● WHAT YOU HAVE TO DO: From the listing below, retype exactly the line holding "import ezdxf", the line holding "doc.linetypes.add(name, pattern=pattern)", and the lines between them; skip everything else.

● SOURCE MATERIAL:
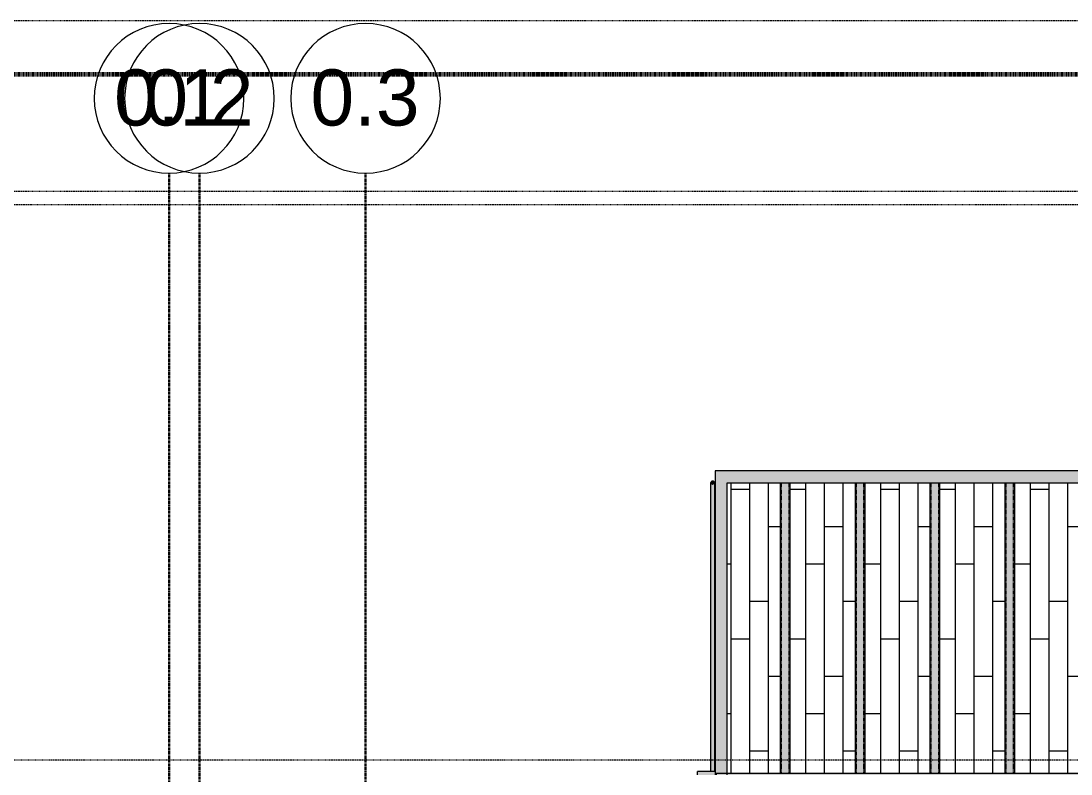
# Model space of a CAD drawing. Header units: inches. Extents: x -4110 to -1807, y 11006 to 12281.
# Drawn here: x -3861 to -3636.5, y 12119 to 12280 of the extents above; entities that cross this region are included whole.
import ezdxf

# ---------------------------------------------------------------- set-up
doc = ezdxf.new("R2010")
doc.units = ezdxf.units.IN
doc.header["$MEASUREMENT"] = 0
for name, pattern in [('Aligning Line 1_8_', [0.25, 0.125, -0.125]), ('Aligning Line 1_8__2_', [0.25, 0.125, -0.125]), ('Double Dash 3_8_', [1, 0.375, -0.125, 0.125, -0.125, 0.125, -0.125]), ('Grid Line 1_2_', [0.875, 0.5, -0.125, 0.125, -0.125]), ('Hidden 1_8_', [0.1875, 0.125, -0.0625])]:
    doc.linetypes.add(name, pattern=pattern)
for name, color, linetype, lineweight in [('0-1', 7, 'Continuous', 5), ('0-3', 7, 'Continuous', 9), ('0-4', 50, 'Double Dash 3_8_', 60), ('0-5', 165, 'Continuous', 5), ('A-FLOR-PATT-1', 35, 'Continuous', 9), ('A-WALL-4', 90, 'Continuous', 18), ('A-WALL-9', 255, 'Continuous', 18), ('C-PROP-LINE-1', 50, 'Double Dash 3_8_', 60), ('G-ANNO-SYMB', 111, 'Aligning Line 1_8_', 9), ('G-ANNO-SYMB-1', 147, 'Aligning Line 1_8_', 9), ('G-ANNO-SYMB-2', 147, 'Aligning Line 1_8__2_', 9), ('S-BEAM-1', 55, 'Continuous', 9), ('S-BEAM-2', 254, 'Continuous', 9), ('S-BEAM-3', 7, 'Continuous', 9), ('S-BEAM-4', 7, 'Hidden 1_8_', 9), ('S-GRID-1', 1, 'Grid Line 1_2_', 30), ('S-GRID-IDEN', 1, 'Continuous', 9), ('S-GRID-IDEN-1', 147, 'Continuous', 9)]:
    doc.layers.add(name, color=color, linetype=linetype, lineweight=lineweight)
doc.styles.add('Arial', font='arial.ttf', dxfattribs={"height": 12})

# ---------------------------------------------------------------- blocks, each defined once
blk = doc.blocks.new('CTR - 1st Phase - Unit Layouts_rvt-1-ENLARGED RCP - 2ND FLOOR PLAN - EAST')
at = {"layer": 'G-ANNO-SYMB-1'}
blk.add_line((-1871.64, 12240.75), (-4009.53, 12240.75), dxfattribs=at)
blk = doc.blocks.new('Walls 14 - Walls 1-3280521-ENLARGED RCP - 2ND FLOOR PLAN - EAST')
at = {"layer": 'S-BEAM-1'}
for points in [[(-3713.12, 12181.03), (-3712.96, 12181.07), (-3712.86, 12181.12), (-3712.76, 12181.31), (-3712.76, 12181.43), (-3712.86, 12181.58), (-3713.03, 12181.66), (-3713.22, 12181.66), (-3713.39, 12181.58), (-3713.49, 12181.43), (-3713.49, 12181.27), (-3713.39, 12181.12), (-3713.22, 12181.04)], [(-3713.5, 12119.58), (-3712.75, 12119.58), (-3712.76, 12181.27), (-3712.86, 12181.12), (-3713.03, 12181.04), (-3713.22, 12181.04), (-3713.39, 12181.12), (-3713.49, 12181.27), (-3713.5, 12181.27), (-3713.5, 12119.58)]]:
    blk.add_hatch(color=256, dxfattribs=at).paths.add_polyline_path(points, flags=0)
at = {"layer": 'S-BEAM-2'}
blk.add_hatch(color=256, dxfattribs=at).paths.add_polyline_path([(-3716.37, 12118.84), (-3712.56, 12118.84), (-3712.56, 12119.58), (-3716.37, 12119.58)], flags=0)
at = {"layer": 'S-BEAM-3'}
for p, q in [((-3713.5, 12119.58), (-3713.5, 12181.35)), ((-3712.75, 12181.35), (-3712.75, 12119.58)), ((-3716.37, 12118.84), (-3716.37, 12119.58)), ((-3712.56, 12119.58), (-3716.37, 12119.58))]:
    blk.add_line(p, q, dxfattribs=at)
for start_param, end_param in [(0, 3.141593), (3.141593, 6.283185)]:
    blk.add_ellipse((-3713.12, 12181.35), major_axis=(0.375, 0), ratio=0.850805, start_param=start_param, end_param=end_param, dxfattribs=at)
blk = doc.blocks.new('Walls 17 - Walls 3-3280536-ENLARGED RCP - 2ND FLOOR PLAN - EAST')
at = {"layer": 'A-WALL-9'}
for points in [[(-3712.39, 12118.84), (-3712.39, 12119.23), (-3710.03, 12119.23), (-3710.03, 12181.31), (-3600.27, 12181.31), (-3600.27, 12119.23), (-3599.06, 12119.23), (-3599.06, 12118.84), (-3597.74, 12118.84), (-3597.74, 12183.84), (-3712.56, 12183.84), (-3712.56, 12118.84), (-3712.48, 12118.84)], [(-3599.06, 12118.84), (-3599.06, 12119.23), (-3712.39, 12119.23), (-3712.39, 12118.84), (-3606.12, 12118.84)]]:
    blk.add_hatch(color=256, dxfattribs=at).paths.add_polyline_path(points, flags=0)
at = {"layer": 'A-WALL-4'}
for p, q in [((-3597.74, 12183.84), (-3712.56, 12183.84)), ((-3712.56, 12183.84), (-3712.56, 12118.84)), ((-3597.74, 12183.84), (-3597.74, 12118.84)), ((-3710.03, 12181.31), (-3600.27, 12181.31)), ((-3710.03, 12118.84), (-3710.03, 12181.31)), ((-3600.27, 12118.84), (-3600.27, 12181.31)), ((-3712.39, 12119.23), (-3712.39, 12118.84)), ((-3712.39, 12119.23), (-3599.06, 12119.23)), ((-3599.06, 12118.84), (-3599.06, 12119.23))]:
    blk.add_line(p, q, dxfattribs=at)
blk = doc.blocks.new('CISC HSS Rectangular_CSA G40_21_ - HS102x51x4_8-3284483-ENLARGED RCP - 2ND FLOOR PLAN - EAST')
at = {"layer": 'S-BEAM-2'}
for points in [[(-0.62, 0.62), (30.02, 0.63), (30.02, 1), (-32.05, 1), (-32.05, 0.62)], [(-0.62, -0.62), (30.02, -0.62), (30.02, 0.62), (-32.05, 0.62), (-32.05, -0.62)], [(30.02, -1), (30.02, -0.62), (-32.05, -0.62), (-32.05, -1), (-0.62, -1)]]:
    blk.add_hatch(color=256, dxfattribs=at).paths.add_polyline_path(points, flags=0)
at = {"layer": 'S-BEAM-3'}
for p, q in [((-32.05, 1), (30.02, 1)), ((30.02, -1), (-32.05, -1))]:
    blk.add_line(p, q, dxfattribs=at)
at = {"layer": 'S-BEAM-4'}
for p, q in [((30.02, 0.81), (-32.05, 0.81)), ((30.02, -0.81), (-32.05, -0.81))]:
    blk.add_line(p, q, dxfattribs=at)
blk = doc.blocks.new('Family - ___-1878357-ENLARGED RCP - 2ND FLOOR PLAN - EAST')
at = {"layer": 'C-PROP-LINE-1'}
blk.add_line((-3989.61, 12268.69), (-1871.64, 12268.69), dxfattribs=at)
blk = doc.blocks.new('CTR - 1st Phase - Shell_rvt-1-ENLARGED RCP - 2ND FLOOR PLAN - EAST')
at = {"layer": 'A-FLOR-PATT-1'}
h = blk.add_hatch(dxfattribs=at)
h.set_pattern_fill('FP_30', color=256, style=0, pattern_type=2)
h.set_pattern_definition([(90, (-3065.199, 10555.962), (4, -2e-16), []), (0, (-3065.199, 10555.962), (8, -8), [4, -28]), (0, (-3061.199, 10571.962), (8, -8), [4, -28])])
h.paths.add_polyline_path([(-3710.03, 12119.23), (-3698.59, 12119.23), (-3698.59, 12181.31), (-3696.59, 12181.31), (-3696.59, 12119.23), (-3682.59, 12119.23), (-3682.59, 12181.31), (-3680.59, 12181.31), (-3680.59, 12119.23), (-3666.59, 12119.23), (-3666.59, 12181.31), (-3664.59, 12181.31), (-3664.59, 12119.23), (-3650.59, 12119.23), (-3650.59, 12181.31), (-3648.59, 12181.31), (-3648.59, 12119.23), (-3634.59, 12119.23), (-3634.59, 12181.31), (-3632.59, 12181.31), (-3632.59, 12119.23), (-3618.59, 12119.23), (-3618.59, 12181.31), (-3616.59, 12181.31), (-3616.59, 12119.23), (-3600.27, 12119.23), (-3600.27, 12181.31), (-3710.03, 12181.31), (-3710.03, 12120.62)], flags=0)
at = {"layer": '0-3'}
for name in ['Walls 17 - Walls 3-3280536-ENLARGED RCP - 2ND FLOOR PLAN - EAST', 'Walls 14 - Walls 1-3280521-ENLARGED RCP - 2ND FLOOR PLAN - EAST']:
    blk.add_blockref(name, (0, 0), dxfattribs=at)
at = {"layer": '0-3', "rotation": 270}
for p in [(-3697.59, 12149.25), (-3681.59, 12149.25), (-3665.59, 12149.25), (-3649.59, 12149.25)]:
    blk.add_blockref('CISC HSS Rectangular_CSA G40_21_ - HS102x51x4_8-3284483-ENLARGED RCP - 2ND FLOOR PLAN - EAST', p, dxfattribs=at)
at = {"layer": '0-4'}
blk.add_blockref('Family - ___-1878357-ENLARGED RCP - 2ND FLOOR PLAN - EAST', (0, 0), dxfattribs=at)
blk = doc.blocks.new('Grid - Grid Head - Circle-1738874-ENLARGED RCP - 2ND FLOOR PLAN - EAST')
at = {"layer": 'S-GRID-IDEN-1'}
for start, end in [(360, 180), (180, 360)]:
    blk.add_arc((0, 0), 0.25, start, end, dxfattribs=at)
blk = doc.blocks.new('CTR - 1st Phase - Structure_rvt-1-ENLARGED RCP - 2ND FLOOR PLAN - EAST')
at = {"layer": 'G-ANNO-SYMB-2'}
for p, q in [((-1910.96, 12243.6), (-4007.78, 12243.6)), ((-1904.06, 12122.03), (-3864.19, 12122.03))]:
    blk.add_line(p, q, dxfattribs=at)
at = {"layer": 'S-GRID-1'}
for p, q in [((-3829.32, 11005.88), (-3829.32, 12247.5)), ((-3822.82, 11005.88), (-3822.82, 12247.5)), ((-3787.32, 11005.88), (-3787.32, 12247.5))]:
    blk.add_line(p, q, dxfattribs=at)
at = {"layer": '0-5', "xscale": 63.99999999999997, "yscale": 63.99999999999997, "zscale": 63.99999999999997}
for p in [(-3829.32, 12263.5), (-3822.82, 12263.5), (-3787.32, 12263.5)]:
    blk.add_blockref('Grid - Grid Head - Circle-1738874-ENLARGED RCP - 2ND FLOOR PLAN - EAST', p, dxfattribs=at)
at = {"layer": 'S-GRID-IDEN', "char_height": 12, "width": 28.28, "attachment_point": 1, "style": 'Arial'}
for s, insert in [('0.1', (-3841.08, 12269.69)), ('0.2', (-3834.58, 12269.69)), ('0.3', (-3799.08, 12269.69))]:
    blk.add_mtext(s, dxfattribs=dict(at, insert=insert))

msp = doc.modelspace()

# ---------------------------------------------------------------- linework, layer by layer
at = {"layer": 'G-ANNO-SYMB'}
msp.add_line((-1910.96, 12280.04), (-4027.11, 12280.04), dxfattribs=at)

# ---------------------------------------------------------------- block references
at = {"layer": '0-1'}
for name in ['CTR - 1st Phase - Structure_rvt-1-ENLARGED RCP - 2ND FLOOR PLAN - EAST', 'CTR - 1st Phase - Shell_rvt-1-ENLARGED RCP - 2ND FLOOR PLAN - EAST', 'CTR - 1st Phase - Unit Layouts_rvt-1-ENLARGED RCP - 2ND FLOOR PLAN - EAST']:
    msp.add_blockref(name, (0, 0), dxfattribs=at)

doc.saveas('drawing.dxf')

● RESULT OF THE TASK:
import ezdxf

# ---------------------------------------------------------------- set-up
doc = ezdxf.new("R2010")
doc.units = ezdxf.units.IN
doc.header["$MEASUREMENT"] = 0
for name, pattern in [('Aligning Line 1_8_', [0.25, 0.125, -0.125]), ('Aligning Line 1_8__2_', [0.25, 0.125, -0.125]), ('Double Dash 3_8_', [1, 0.375, -0.125, 0.125, -0.125, 0.125, -0.125]), ('Grid Line 1_2_', [0.875, 0.5, -0.125, 0.125, -0.125]), ('Hidden 1_8_', [0.1875, 0.125, -0.0625])]:
    doc.linetypes.add(name, pattern=pattern)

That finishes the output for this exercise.